Data records
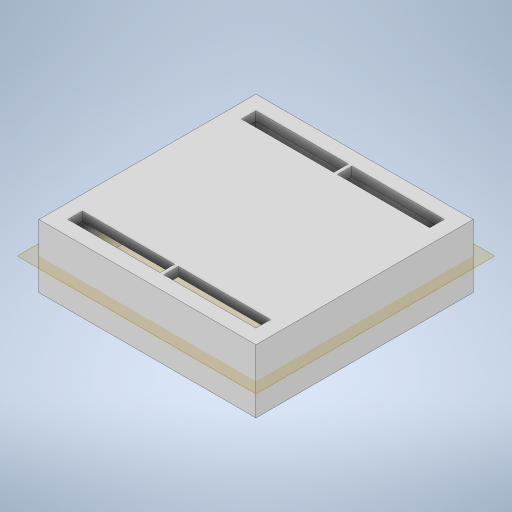
# Autodesk Inventor part: Bot v1
Saved by Autodesk Inventor 2024 (Build 280153000, 153)
## iProperties
Created: 2023-09-24
Part Number: Bot v1
Material: Generic
Document SubType Name: Modeling
Designer: CJ110
Density: 1 g/cm^3
Appearance: Default
Author: CJ110
Autodesk Inventor part; units mm, degrees
ref_plane "YZ Plane" through (0, 0, 0) normal (1, 0, 0) x (0, 1, 0)
ref_plane "XZ Plane" through (0, 0, 0) normal (0, 1, 0) x (-1, 0, 0)
ref_plane "XY Plane" through (0, 0, 0) normal (0, 0, 1) x (1, 0, 0)
sketch "Sketch1" plane through (0, 0, 0) normal (0, 1, 0) x (-1, 0, 0)
  line L0 (0, 0) -> (152.4, 0)
  line L1 (152.4, 0) -> (152.4, 152.4)
  line L2 (152.4, 152.4) -> (0, 152.4)
  line L3 (0, 152.4) -> (0, 0)
  dimension "d0" = 152.4
  dimension "d1" = 152.4
  constraints: 8 end point, 2 parallel, 1 horizontal, 1 perpendicular
  measures "d0" distance of L0.start L0.end
  measures "d1" distance of L2.end L0.start
extrude "Extrusion1" add sketch "Sketch1" along normal blind 6.35
sketch "Sketch2" plane through (0, 6.35, 0) normal (0, 1, 0) x (1, 0, 0)
  line L0 (-142.24, -142.24) -> (-77.47, -142.24)
  line L1 (-77.47, -142.24) -> (-77.47, -132.08)
  line L2 (-77.47, -132.08) -> (-142.24, -132.08)
  line L3 (-142.24, -132.08) -> (-142.24, -142.24)
  line L4 (-74.93, -142.24) -> (-10.16, -142.24)
  line L5 (-10.16, -142.24) -> (-10.16, -132.08)
  line L6 (-10.16, -132.08) -> (-74.93, -132.08)
  line L7 (-74.93, -132.08) -> (-74.93, -142.24)
  line L8 (-152.4, 0) -> (-152.4, -152.4) projected
  line L9 (-152.4, -152.4) -> (0, -152.4) projected
  line L10 (0, -152.4) -> (0, 0) projected
  line L11 (-152.4, -76.2) -> (0, -76.2) construction
  line L12 (-142.24, -10.16) -> (-77.47, -10.16)
  line L13 (-77.47, -10.16) -> (-77.47, -20.32)
  line L14 (-77.47, -20.32) -> (-142.24, -20.32)
  line L15 (-142.24, -20.32) -> (-142.24, -10.16)
  line L16 (-74.93, -10.16) -> (-10.16, -10.16)
  line L17 (-10.16, -10.16) -> (-10.16, -20.32)
  line L18 (-10.16, -20.32) -> (-74.93, -20.32)
  line L19 (-74.93, -20.32) -> (-74.93, -10.16)
  point P0 (-10.16, -137.16)
  point P1 (-10.16, -15.24)
  dimension "d4" = 10.16
  dimension "d5" = 10.16
  dimension "d6" = 10.16
  dimension "d7" = 64.77
  dimension "d8" = 64.77
  dimension "d9" = 10.16
  dimension "d10" = 10.16
  dimension "d11" = 10.16
  constraints: 34 end point, 9 symmetric about line, 4 parallel, 3 midpoint, 2 horizontal, 2 perpendicular
  measures "d4" distance between parallel lines of L8 L3
  measures "d5" distance between parallel lines of L9 L0
  measures "d6" distance between parallel lines of L0 L2
  measures "d7" distance of L0.start L0.end
  measures "d8" distance of L4.start L4.end
  measures "d9" distance from line of L10 point (-10.16, -137.16)
  measures "d10" distance between parallel lines of L9 L4
  measures "d11" distance between parallel lines of L4 L6
extrude "Extrusion2" cut sketch "Sketch2" against normal through all
sketch "Sketch3" plane through (0, 6.35, 0) normal (0, 1, 0) x (1, 0, 0)
  line L0 (-77.47, -20.32) -> (-142.24, -20.32) projected
  line L1 (-142.24, -20.32) -> (-142.24, -10.16) projected
  line L2 (-142.24, -10.16) -> (-77.47, -10.16) projected
  line L3 (-77.47, -10.16) -> (-77.47, -20.32) projected
  line L4 (-74.93, -132.08) -> (-10.16, -132.08) projected
  line L5 (-10.16, -132.08) -> (-10.16, -142.24) projected
  line L6 (-10.16, -142.24) -> (-74.93, -142.24) projected
  line L7 (-74.93, -142.24) -> (-74.93, -132.08) projected
  line L8 (-10.16, -10.16) -> (-10.16, -20.32) projected
  line L9 (-10.16, -20.32) -> (-74.93, -20.32) projected
  line L10 (-74.93, -20.32) -> (-74.93, -10.16) projected
  line L11 (-74.93, -10.16) -> (-10.16, -10.16) projected
  line L12 (-142.24, -132.08) -> (-77.47, -132.08) projected
  line L13 (-77.47, -132.08) -> (-77.47, -142.24) projected
  line L14 (-77.47, -142.24) -> (-142.24, -142.24) projected
  line L15 (-142.24, -142.24) -> (-142.24, -132.08) projected
  line L16 (-152.4, 0) -> (-152.4, -152.4) projected
  line L17 (-152.4, -152.4) -> (0, -152.4) projected
  line L18 (0, -152.4) -> (0, 0) projected
  line L19 (0, 0) -> (-152.4, 0) projected
  line L20 (-146.05, -146.05) -> (-146.05, -6.35)
  line L21 (-146.05, -6.35) -> (-6.35, -6.35)
  line L22 (-6.35, -6.35) -> (-6.35, -146.05)
  line L23 (-6.35, -146.05) -> (-146.05, -146.05)
  dimension "d14" = 6.35
  constraints: 8 end point, 3 other
  measures "d14" distance between parallel lines of L16 L20
extrude "Extrusion3" add sketch "Sketch3" along normal blind 38.1 contours L19 L18 L17 L16
ref_plane "Work Plane1" through (0, 22.225, 0) normal (0, 1, 0) x (1, 0, 0)
mirror "Mirror1" about plane through (0, 22.225, 0) normal (0, 1, 0) of "Extrusion1", "Extrusion2"
equation "\"d8\" = d7"
equation "\"d9\" = d4"
equation "\"d10\" = d5"
equation "\"d11\" = d6"
body "Solid1"
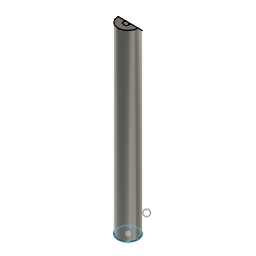
solarpanel (Autodesk Fusion 360 archive; units mm, degrees)
design "Stepper_Motor_Pole_Solar_Panel"
part number: 2025-08-02-13-12-08-452
Autodesk Fusion 360 part; units mm, degrees
sketch "Skizze1" plane through (0, 0, 0) normal (0, 0, 1) x (1, 0, 0)
  point P0 (-5.2, 16.4)
sketch "Skizze2" plane through (0, 0, 0) normal (0, 0, 1) x (1, 0, 0)
  circle A0 centre (0, 0) radius 6
extrude "Extrusion2" add sketch "Skizze2" along normal blind 110
sketch "Skizze3" plane through (0, 0, 0) normal (0, 0, 1) x (1, 0, 0)
  line L0 (-1.5, -2) -> (-1.5, 2)
  line L1 (1.5, -2) -> (1.5, 2)
  arc A0 (-1.5, -2) -> (1.5, -2) centre (0, 0) ccw
  arc A1 (1.5, 2) -> (-1.5, 2) centre (0, 0) ccw
  dimension "d15" = 5
  constraint coincident A0.centre A1.centre
  constraint coincident L1.end A0
  constraint concentric A0 A1
  measures "d15" diameter of A0
extrude "Extrusion3" cut sketch "Skizze3" along normal blind 20
pattern_linear "R-Anordnung1" count 2 spacing 98 along (0, 0, 1) of "Extrusion3"
ref_plane "Arbeitsebene1" through (-6, 0, 108.0306) normal (-1, 0, 0) x (0, 1, 0)
sketch "Skizze5" plane through (-6, 0, 0) normal (-1, 0, 0) x (0, -1, 0)
  line L0 (0, 110) -> (-6.178, 103.822)
  line L1 (-6.178, 103.822) -> (-6.178, 110)
  line L2 (-6.178, 110) -> (0, 110)
  constraint perpendicular L1 L2
extrude "Extrusion4" cut sketch "Skizze5" against normal blind 100

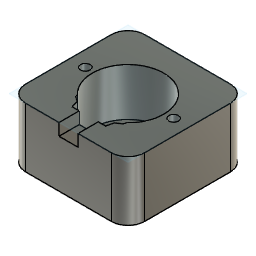
design "Stepper_Motor_Solar_Panel"
part number: 2025-07-29-17-04-06-357
Autodesk Fusion 360 part; units mm, degrees
sketch "Skizze1" plane through (0, 0, 0) normal (0, 0, 1) x (1, 0, 0)
  line L0 (0, 0) -> (50, 0)
  line L1 (50, 0) -> (50, 50)
  line L2 (50, 50) -> (0, 50)
  line L3 (0, 50) -> (0, 0)
  dimension "d1" = 50
  dimension "d2" = 50
  constraint horizontal L0
  constraint vertical L1
  constraint horizontal L2
  constraint vertical L3
  constraint coincident L0.start L3.end
  measures "d1" distance of L0.start L0.end
  measures "d2" distance of L0.start L2.end
extrude "Extrusion1" add sketch "Skizze1" along normal blind 25
sketch "Skizze4" plane through (0, 0, 25) normal (0, 0, 1) x (-1, 0, 0)
  line L0 (0, -50) -> (0, 0)
  line L1 (0, 0) -> (-50, 0)
  line L2 (-50, 0) -> (-50, -50)
  line L3 (-50, -50) -> (0, -50)
sketch "Skizze5" plane through (0, 0, 25) normal (0, 0, 1) x (-1, 0, 0)
  line L0 (0, 0) -> (-50, 0)
  line L1 (-28.9998, -8.5) -> (-28.9998, 0)
  line L2 (-32.7998, -11.4915) -> (-35, -13)
  line L3 (-35, -13) -> (-36, -18)
  line L4 (-24.9998, -16.7741) -> (-24.9998, -8.5)
  line L5 (-24.9998, -16.7741) -> (-24.9998, -8.5)
  line L6 (-17.1998, -11.4915) -> (-14.9997, -13)
  line L7 (-14.9997, -13) -> (-13.9997, -18)
  line L8 (-28.9998, 0) -> (-20.9998, 0)
  line L9 (-20.9998, 0) -> (-20.9998, -8.5)
  line L10 (-24.9998, -8.5) -> (-17.9498, -8.5)
  line L11 (-32.0498, -8.5) -> (-24.9998, -8.5)
  line L12 (-17.1998, -11.4915) -> (-17.9498, -8.5)
  line L13 (-32.7998, -11.4915) -> (-32.0498, -8.5)
  line L14 (-13.9997, -18) -> (-36, -18)
  dimension "d43" = 8
  dimension "d46" = 7.05
  dimension "d47" = 7.05
  dimension "d48" = 2.9915
  dimension "d49" = 2.9915
  constraint coincident L0 L1.end
  constraint perpendicular L0 L1
  constraint symmetric L2.start L4 L6.start
  constraint symmetric L3.end L4 L7.end
  constraint symmetric L5.start L4 L4.start
  constraint symmetric L5.end L4 L10.start
  constraint symmetric L2.end L4 L6.end
  constraint perpendicular L1 L8
  constraint perpendicular L9 L10
  constraint horizontal L14
  measures "d43" distance of L1.end L8.end
  measures "d46" distance of L4.end L10.end
  measures "d47" distance of L4.end L11.start
  measures "d48" vertical distance of L6.start L10.end
  measures "d49" vertical distance of L2.start L11.start
extrude "Extrusion3" cut sketch "Skizze5" against normal blind 20 contours L2 L3 L6 L7 L10 L11 L12 L13 L14
sketch "Skizze6" plane through (0, 0, 25) normal (0, 0, 1) x (-1, 0, 0)
  circle A0 centre (-25, -25) radius 15
  dimension "d36" = 30
  measures "d36" diameter of A0
extrude "Extrusion4" cut sketch "Skizze6" against normal blind 20
sketch "Skizze7" plane through (0, 0, 25) normal (0, 0, 1) x (-1, 0, 0)
  circle A0 centre (-6.431, -25.6214) radius 2
  line L0 (-25, 0) -> (-25, -50)
  circle A1 centre (-43.569, -25.6214) radius 2
  dimension "d17" = 4
  dimension "d39" = 50
  constraint vertical L0
  constraint symmetric A0 L0 A1
  measures "d17" diameter of A0
  measures "d39" distance of L0.start L0.end
extrude "Extrusion5" cut sketch "Skizze7" against normal blind 20
sketch "Skizze10" plane through (0, 0, 25) normal (0, 0, 1) x (-1, 0, 0)
fillet "Abrundung1" radius 7 4 edges at (50, 50, 12.5) (50, 0, 12.5) (0, 50, 12.5) (0, 0, 12.5)
extrude "Extrusion6" cut sketch "Skizze5" against normal blind 4 contours L0 L1 L8 L9 L10 L11
extrude "Extrusion7" cut sketch "Skizze5" against normal blind 5 contours L0 L1 L8 L9 L10 L11
sketch "Skizze11" plane through (0, 0, 25) normal (0, 0, 1) x (-1, 0, 0)

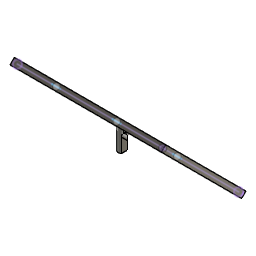
design "Top_Solar_Panel"
part number: 2025-08-20-09-59-22-880
Autodesk Fusion 360 part; units mm, degrees
sketch "Skizze1" plane through (0, 0, 0) normal (0, 0, 1) x (1, 0, 0)
  line L0 (1.5, -2) -> (1.5, 2)
  line L1 (-1.5, -2) -> (-1.5, 2)
  arc A0 (-1.5, -2) -> (1.5, -2) centre (0, 0) ccw
  arc A1 (1.5, 2) -> (-1.5, 2) centre (0, 0) ccw
  dimension "d1" = 5
  constraint coincident A0.centre A1.centre
  constraint coincident L0.end A0
  constraint vertical L1
  constraint concentric A0 A1
  measures "d1" diameter of A0
extrude "Extrusion1" add sketch "Skizze1" along normal blind 12
ref_plane "Arbeitsebene1" through (0, 0, 0) normal (1, 0, 0) x (0, 1, 0)
sketch "Skizze3" plane through (0, 0, 12) normal (0, 0, 1) x (-1, 0, 0)
  line L0 (1.5, -2) -> (1.5, 2)
  arc A0 (1.5, 2) -> (-1.5, 2) centre (0, 0) ccw
  line L1 (-1.5, 2) -> (-1.5, -2)
  circle A1 centre (0, 0) radius 6
  arc A2 (-1.5, -2) -> (1.5, -2) centre (0, 0) ccw
  constraint concentric A0 A1
ref_plane "Arbeitsebene2" through (0, 3, 8.9997) normal (0, -0.707147, -0.707067) x (0, 0.707067, -0.707147)
sketch "Skizze5" plane through (0, 6, 5.9993) normal (0, -0.707147, -0.707067) x (0, 0.707067, -0.707147)
  line L0 (-42.5, 50) -> (32.5, 50)
  line L1 (32.5, 50) -> (32.5, -50)
  line L2 (32.5, -50) -> (-42.5, -50)
  line L3 (-42.5, -50) -> (-42.5, 50)
  line L4 (-42.5, 50) -> (32.5, -50) construction
  line L5 (32.5, 50) -> (-42.5, -50) construction
  point P0 (-5, 0)
  dimension "d45" = 100
  dimension "d46" = 75
  constraint horizontal L0
  constraint perpendicular L0 L1
  constraint parallel L0 L2
  constraint parallel L1 L3
  constraint coincident L4 P0
  constraint coincident L5 P0
  measures "d45" distance of L0.start L2.end
  measures "d46" distance of L0.start L0.end
extrude "Extrusion4" add sketch "Skizze5" against normal blind 4
shell "Schale1" thickness 2 removed faces 1 at (-16.6667, 14.1316, 3.524)
fillet "Abrundung1" radius 3.25 2 edges at (1.5, 1, 10.9999) (-1.5, 1, 10.9999)
fillet "Abrundung2" radius 1.25 1 edges at (0, 2.5, 9.4997)
extrude "Extrusion5" add 1 faces at (0.0599, -0.8312, 12) along direction (0, 0, 1) blind 2.5
sketch "Skizze6" plane through (0, 7.4143, 7.4135) normal (0, 0.707147, 0.707067) x (-1, 0, 0)
  line L0 (48, -30.5) -> (48, 40.5)
  line L1 (48, 40.5) -> (-48, 40.5)
  line L2 (-48, 40.5) -> (-48, -30.5)
  line L3 (-48, -30.5) -> (48, -30.5)
  dimension "d25" = 96
  dimension "d26" = 71
  measures "d25" distance of L0.end L1.end
  measures "d26" distance of L1.end L2.end
sketch "Skizze7" plane through (0, 7.4143, 7.4135) normal (0, 0.707147, 0.707067) x (-1, 0, 0)
  line L0 (48, 40.5) -> (-48, 40.5)
  line L1 (-48, 40.5) -> (-48, -30.5)
  circle A0 centre (0.1555, 15.2617) radius 2.5
  circle A1 centre (-39.8445, 15.2617) radius 2.5
  circle A2 centre (40.1555, 15.2617) radius 2.5
  dimension "d28" = 96
  dimension "d29" = 71
  dimension "d30" = 5
  dimension "d49" = 40
  dimension "d50" = 0
  measures "d28" distance of L0.start L0.end
  measures "d29" distance of L0.end L1.end
  measures "d30" diameter of A0
extrude "Extrusion9" cut sketch "Skizze7" against normal blind 10 contours A0
extrude "Extrusion10" cut sketch "Skizze7" against normal blind 30 contours A1 | A2
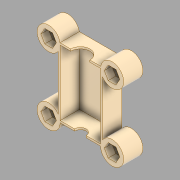
# Autodesk Inventor part: uchwyt_maly_silnik
Saved by Autodesk Inventor 2021 (Build 250183000, 183)
## iProperties
Created: 2022-05-16
Part Number: uchwyt_maly_silnik
Material: PC/ABS Plastic
Document SubType Name: Modeling
Designer: agnpi
Density: 0.357273 g/cm^3
Appearance: Smooth - Off-White
Author: agnpi
Autodesk Inventor part; units mm, degrees
ref_plane "YZ Plane" through (0, 0, 0) normal (1, 0, 0) x (0, 1, 0)
ref_plane "XZ Plane" through (0, 0, 0) normal (0, 1, 0) x (-1, 0, 0)
ref_plane "XY Plane" through (0, 0, 0) normal (0, 0, 1) x (1, 0, 0)
sketch "Sketch1" plane through (0, 0, 0) normal (0, 0, 1) x (1, 0, 0)
  line L0 (-31.5, 0) -> (31.5, 0) projected
  line L1 (0, -33.4) -> (0, 32.4) projected
  line L2 (-10.5, 17) -> (10.5, 17)
  line L3 (10.5, 17) -> (10.5, -17)
  line L4 (10.5, -17) -> (-10.5, -17)
  line L5 (-10.5, -17) -> (-10.5, 17)
  line L6 (-10.5, 17) -> (10.5, -17) construction
  line L7 (10.5, 17) -> (-10.5, -17) construction
  line L8 (-11.5, 18) -> (11.5, 18)
  line L9 (11.5, 18) -> (11.5, -18)
  line L10 (11.5, -18) -> (-11.5, -18)
  line L11 (-11.5, -18) -> (-11.5, 18)
  line L12 (-11.5, 18) -> (11.5, -18) construction
  line L13 (11.5, 18) -> (-11.5, -18) construction
  circle A0 centre (16.5, 17) radius 6
  circle A1 centre (16.5, -18) radius 6
  line L14 (18.5207, 13.5) -> (14.4793, 13.5)
  line L15 (14.4793, 13.5) -> (12.4585, 17)
  line L16 (12.4585, 17) -> (14.4793, 20.5)
  line L17 (14.4793, 20.5) -> (18.5207, 20.5)
  line L18 (18.5207, 20.5) -> (20.5415, 17)
  line L19 (20.5415, 17) -> (18.5207, 13.5)
  line L20 (18.5207, -21.5) -> (14.4793, -21.5)
  line L21 (14.4793, -21.5) -> (12.4585, -18)
  line L22 (12.4585, -18) -> (14.4793, -14.5)
  line L23 (14.4793, -14.5) -> (18.5207, -14.5)
  line L24 (18.5207, -14.5) -> (20.5415, -18)
  line L25 (20.5415, -18) -> (18.5207, -21.5)
  circle A2 centre (-16.5, -18) radius 6
  circle A3 centre (-16.5, 17) radius 6
  point P0 (0, 0)
  point P1 (-11.5, -14.6834)
  point P2 (-10.5, -18)
  point P3 (-10.5839, 18)
  point P4 (-11.5, 13.6834)
  dimension "d0" = 21
  dimension "d1" = 34
  dimension "d2" = 23
  dimension "d3" = 36
  dimension "d13" = 12
  dimension "d14" = 12
  dimension "d15" = 47
  dimension "d16" = 0
  dimension "d18" = 7
  dimension "d19" = 7
  constraints: 48 end point, 6 parallel, 4 centre point, 4 midpoint, 2 coincident, 2 horizontal, 2 perpendicular, 2 symmetric about line, 2 tangent, 28 other
  measures "d0" distance of L3.end L4.end
  measures "d1" distance of L2.end L3.end
  measures "d2" distance of L9.end L10.end
  measures "d3" distance of L8.end L9.end
  measures "d13" diameter of A0
  measures "d14" diameter of A1
  measures "d16" distance from line of L2 A0.centre
  measures "d18" distance between parallel lines of L14 L17
  measures "d19" distance between parallel lines of L20 L23
extrude "Extrusion1" add sketch "Sketch1" along normal blind 10 contours L11 A3 L5 L0 | L0 L5 L4 L1 L10 A2 L11 | A2 L10 L11 | L11 L8 A3 | A3 L8 L1 L2 | L3 A0 L9 L0 | L0 L9 A1 L10 L1 L4 L3 | L1 L8 A0 L2 | A0 L8 L9 | A1 L9 L10 picked at (-11.3172, -16.1332) picked at (-11.3172, 15.4666) picked at (11.3172, 15.4666) picked at (11.3172, -16.1332)
extrude "Extrusion2" add sketch "Sketch1" along normal blind 10 contours A0 L8 L9 | A0 L9 L8 | L14 L15 L16 L17 L18 L19
sketch "Sketch3" plane through (-11.5, -18, 10) normal (0, -1, 0) x (1, 0, 0)
  line L0 (23, 0) -> (0, 0) projected
  arc A0 (8.5, 0) -> (14.5, 0) centre (11.5, 0) ccw
  point P0 (11.5, -10)
  point P1 (14.5, 0)
  dimension "d36" = 3
  dimension "d108" = 6
  constraints: 2 point on circle, 1 centre point, 1 midpoint, 1 point on line
  measures "d36" radius of A0
  measures "d108" distance of A0.end A0.start
extrude "Extrusion6" cut sketch "Sketch3" against normal up to surface (1 mm away)
sketch "Sketch4" plane through (-11.5, 18, 10) normal (0, 1, 0) x (1, 0, 0)
  arc A0 (14.5, 0) -> (8.5, 0) centre (11.5, 0) ccw projected
  line L0 (1, 0) -> (22, 0) projected
  arc A1 (16.5, 0) -> (6.5, 0) centre (11.5, 0) ccw
  point P0 (11.5, 10)
  point P1 (6.5, 0)
  dimension "d39" = 5
  constraints: 2 point on circle, 1 centre point, 1 coincident, 1 point on line
  measures "d39" radius of A1
extrude "Extrusion7" cut sketch "Sketch4" against normal up to surface (1 mm away)
extrude "Extrusion8" add sketch "Sketch1" against normal blind 0.01 contours L5 L2 L1 L0 | L0 L1 L4 L5 | L1 L2 L3 L0 | L0 L3 L4 L1
hole "Hole2" at (16.5, 17, 0) direction (0, 0, 1) diameter 4 end through all
extrude "Extrusion10" add sketch "Sketch1" along normal blind 10 contours L11 L10 A2 picked at (-18.7986, -18.1791)
sketch "Sketch6" plane through (0, 0, 10) normal (0, 0, 1) x (1, 0, 0)
  line L0 (18.5207, 13.5) -> (14.4793, 13.5)
  line L1 (14.4793, 13.5) -> (12.4586, 17)
  line L2 (12.4586, 17) -> (14.4793, 20.5)
  line L3 (14.4793, 20.5) -> (18.5207, 20.5)
  line L4 (18.5207, 20.5) -> (20.5415, 17)
  line L5 (20.5415, 17) -> (18.5207, 13.5)
  line L6 (5, 17) -> (10.5, 17) projected
  point P0 (0, 0)
  point P1 (16.5, 17)
  dimension "d56" = 7
  constraints: 12 end point, 1 parallel, 13 other
  measures "d56" distance between parallel lines of L0 L3
extrude "Extrusion11" cut sketch "Sketch6" against normal blind 4
extrude "Extrusion12" add sketch "Sketch1" along normal blind 10 contours A1 L9 L10 | L10 L9 A1 | L20 L21 L22 L23 L24 L25
hole "Hole3" at (16.5, -18, 0) direction (0, 0, 1) diameter 4 end through all
hole "Hole4" at (-16.5, -18, 0) direction (0, 0, 1) diameter 4 end through all
sketch "Sketch7" plane through (0, 0, 10) normal (0, 0, 1) x (1, 0, 0)
  line L0 (-14.4793, -21.5) -> (-18.5207, -21.5)
  line L1 (-18.5207, -21.5) -> (-20.5415, -18)
  line L2 (-20.5415, -18) -> (-18.5207, -14.5)
  line L3 (-18.5207, -14.5) -> (-14.4793, -14.5)
  line L4 (-14.4793, -14.5) -> (-12.4585, -18)
  line L5 (-12.4585, -18) -> (-14.4793, -21.5)
  line L6 (-10.5, -18) -> (-3, -18) projected
  line L7 (-10.5, 17) -> (-5, 17) projected
  point P0 (0, 0)
  point P1 (-16.5, -18)
  dimension "d75" = 7
  dimension "d78" = 31.5
  dimension "d79" = 19.7894
  constraints: 12 end point, 1 parallel, 13 other
  measures "d75" distance between parallel lines of L0 L3
  measures "d78" distance between parallel lines of L7 L3
  measures "d79" distance from line of point (0, 0) L4
extrude "Extrusion13" add sketch "Sketch1" along normal blind 10 contours A3 L8 L11 picked at (-18.6587, 16.2674)
sketch "Sketch8" plane through (0, 0, 10) normal (0, 0, 1) x (1, 0, 0)
  point P0 (0, 0)
hole "Hole5" at (-16.5, 17, 0) direction (0, 0, 1) diameter 4 end through all
sketch "Sketch9" plane through (0, 0, 10) normal (0, 0, 1) x (1, 0, 0)
  line L0 (-14.4793, 13.5) -> (-18.5207, 13.5)
  line L1 (-18.5207, 13.5) -> (-20.5414, 17)
  line L2 (-20.5414, 17) -> (-18.5207, 20.5)
  line L3 (-18.5207, 20.5) -> (-14.4793, 20.5)
  line L4 (-14.4793, 20.5) -> (-12.4585, 17)
  line L5 (-12.4585, 17) -> (-14.4793, 13.5)
  line L6 (-10.5, 17) -> (-5, 17) projected
  point P0 (0, 0)
  point P1 (-16.5, 17)
  dimension "d89" = 7
  dimension "d90" = 2.2894
  constraints: 12 end point, 1 parallel, 1 point on line, 13 other
  measures "d89" distance between parallel lines of L0 L3
  measures "d90" distance from line of point (0, 0) L4
extrude "Extrusion14" cut sketch "Sketch9" against normal blind 4
extrude "Extrusion15" cut sketch "Sketch7" against normal blind 4
sketch "Sketch10" plane through (0, 0, 10) normal (0, 0, 1) x (1, 0, 0)
  line L0 (18.5207, -21.4318) -> (14.4793, -21.4318)
  line L1 (14.4793, -21.4318) -> (12.4585, -17.9318)
  line L2 (12.4585, -17.9318) -> (14.4793, -14.4318)
  line L3 (14.4793, -14.4318) -> (18.5207, -14.4318)
  line L4 (18.5207, -14.4318) -> (20.5415, -17.9318)
  line L5 (20.5415, -17.9318) -> (18.5207, -21.4318)
  line L6 (3, -18) -> (10.5, -18) projected
  arc A0 (11.5, 13.6834) -> (10.5839, 18) centre (16.5, 17) ccw projected
  point P0 (0, 0)
  point P1 (16.5, -17.9318)
  dimension "d95" = 7
  dimension "d96" = 34.9318
  dimension "d97" = 13.9659
  constraints: 12 end point, 1 parallel, 13 other
  measures "d95" distance between parallel lines of L0 L3
  measures "d96" distance of A0.centre point (16.5, -17.932)
  measures "d97" distance from line of A0.centre L4
extrude "Extrusion16" cut sketch "Sketch10" against normal blind 4
sketch "Sketch11" plane through (0, -18, 10) normal (0, -1, 0) x (1, 0, 0)
  circle A0 centre (0, -6) radius 2
  line L0 (-10.5, -10) -> (10.5, -10) projected
  arc A1 (-3, 0) -> (3, 0) centre (0, 0) ccw projected
  point P0 (0, -10)
  dimension "d100" = 4
  dimension "d101" = 2
  dimension "d109" = 1
  constraints: 1 centre point
  measures "d100" diameter of A0
  measures "d101" distance edge to line of A0 L0
extrude "Extrusion17" cut sketch "Sketch11" against normal blind 0.3
body "Solid1"

### What the task asks
Write out the line containing "normal blind 0.3" and every line after it through the end of the entries. Keep each one exactly as it is, and add nothing.

### Exercise answer
extrude "Extrusion17" cut sketch "Sketch11" against normal blind 0.3
body "Solid1"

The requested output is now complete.